No fue el único fracaso de Christies en esta subasta. El total de la venta se quedó en 9,3 millones de dólares, un cuarto de la estimación más alta previa, cifrada en 39 millones de dólares. Más de la mitad de los lotes ofrecidos se quedaron sin vender, 32 de los 54 que sacó el subastador de Christie’s James Bruce-Gardyne.

Fue el peor resultado de una subasta de viejos maestros desde 2002. ¿Explicaciones? El presidente del departamento de Viejos Maestros y Arte del Siglo XIX de la casa Christies Nicholas H.J. Hall reconoció que “puede que la debilidad en la economía europea afecte a la situación. Hay también algunos cambios en el mercado. Creo que las estimaciones han sido muy razonables. Me parece que ahora se insiste en piezas que sean complemente nuevas. También, tiene que ver con la debilidad de la economía italiana y española. Todo esto afecta a estos dos mercados”, apuntó, a pesar de que en este caso se habían interesado por la pieza compradores rusos y asiáticos.
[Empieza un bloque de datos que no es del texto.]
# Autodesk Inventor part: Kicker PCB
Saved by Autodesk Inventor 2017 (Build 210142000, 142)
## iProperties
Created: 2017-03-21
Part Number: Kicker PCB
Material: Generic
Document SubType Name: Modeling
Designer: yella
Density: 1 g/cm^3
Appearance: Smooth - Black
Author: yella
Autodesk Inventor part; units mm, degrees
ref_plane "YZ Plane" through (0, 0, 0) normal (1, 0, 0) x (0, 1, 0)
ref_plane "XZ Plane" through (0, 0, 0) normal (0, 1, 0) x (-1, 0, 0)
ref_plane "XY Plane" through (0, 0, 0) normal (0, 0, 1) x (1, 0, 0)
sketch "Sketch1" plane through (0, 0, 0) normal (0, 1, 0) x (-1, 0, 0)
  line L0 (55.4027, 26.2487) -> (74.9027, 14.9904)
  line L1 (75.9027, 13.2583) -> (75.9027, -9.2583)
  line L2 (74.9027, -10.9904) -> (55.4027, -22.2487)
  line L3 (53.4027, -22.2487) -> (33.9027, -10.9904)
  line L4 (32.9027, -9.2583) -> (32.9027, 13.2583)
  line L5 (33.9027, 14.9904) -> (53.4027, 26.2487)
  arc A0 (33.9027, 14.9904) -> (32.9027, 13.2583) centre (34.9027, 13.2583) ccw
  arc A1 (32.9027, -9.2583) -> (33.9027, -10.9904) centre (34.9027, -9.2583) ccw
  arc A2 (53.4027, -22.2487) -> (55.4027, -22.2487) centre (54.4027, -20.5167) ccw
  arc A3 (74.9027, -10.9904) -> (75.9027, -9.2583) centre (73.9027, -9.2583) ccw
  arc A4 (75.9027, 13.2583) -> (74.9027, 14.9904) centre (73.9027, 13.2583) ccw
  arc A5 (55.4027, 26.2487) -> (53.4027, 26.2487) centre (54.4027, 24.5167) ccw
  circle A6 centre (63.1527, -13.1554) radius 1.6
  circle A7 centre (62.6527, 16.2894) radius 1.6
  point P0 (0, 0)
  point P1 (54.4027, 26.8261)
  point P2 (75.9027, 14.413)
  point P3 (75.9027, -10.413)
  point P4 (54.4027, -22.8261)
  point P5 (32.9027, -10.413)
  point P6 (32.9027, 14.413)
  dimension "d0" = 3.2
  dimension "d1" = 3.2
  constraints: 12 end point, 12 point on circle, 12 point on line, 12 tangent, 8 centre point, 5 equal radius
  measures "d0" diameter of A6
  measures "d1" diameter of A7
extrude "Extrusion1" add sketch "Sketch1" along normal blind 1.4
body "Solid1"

Los marchantes que acudieron a la venta fueron más claros: atribuyeron el desastre a la caída del euro y las estimaciones infladas de la casa de subastas. Entre los autores damnificados, destacaron Canaletto, Pieter Claesz, Guido Reni o Theodoor Rombouts.

“En el caso de Caravaggio, muchos historiadores no estaban del todo convencidos de su autenticidad. Había otros que sí creen en ella”, recordó Hall en referencia sin mencionarlo de forma directa a un cuadro que había sido atribuido a Murillo y que ha resultado expulsado del ‘paraíso’.

“Luego, su condición ha resultado ser un problema. Parece que la restauración reciente no ha ayudado al cuadro durante la subasta”, indicó el especialista de origen británico, que nada pudo hacer por la operación, a pesar de haber traído para la ocasión a sus clientes de Rusia y Asia junto con otros legendarios coleccionisstas como Johnny Green, de Londres, Martin Zimet o Anthony Chrichton-Stuart.

En cambio, Hall se pudo desquitar horas después con la venta por la tarde de la otra gran pieza del día. ‘El retrato de un joven con un libro’, de Agnolo Bronzino, fue adjudicado por ocho millones de dólares a un comprador al que él mismo atendió por teléfono. Y, al menos, se pudo maquillar de alguna forma el desastre al superar el récord del Bronzino, establecido en París en 1998.

Por Marta Torres en El Mundo.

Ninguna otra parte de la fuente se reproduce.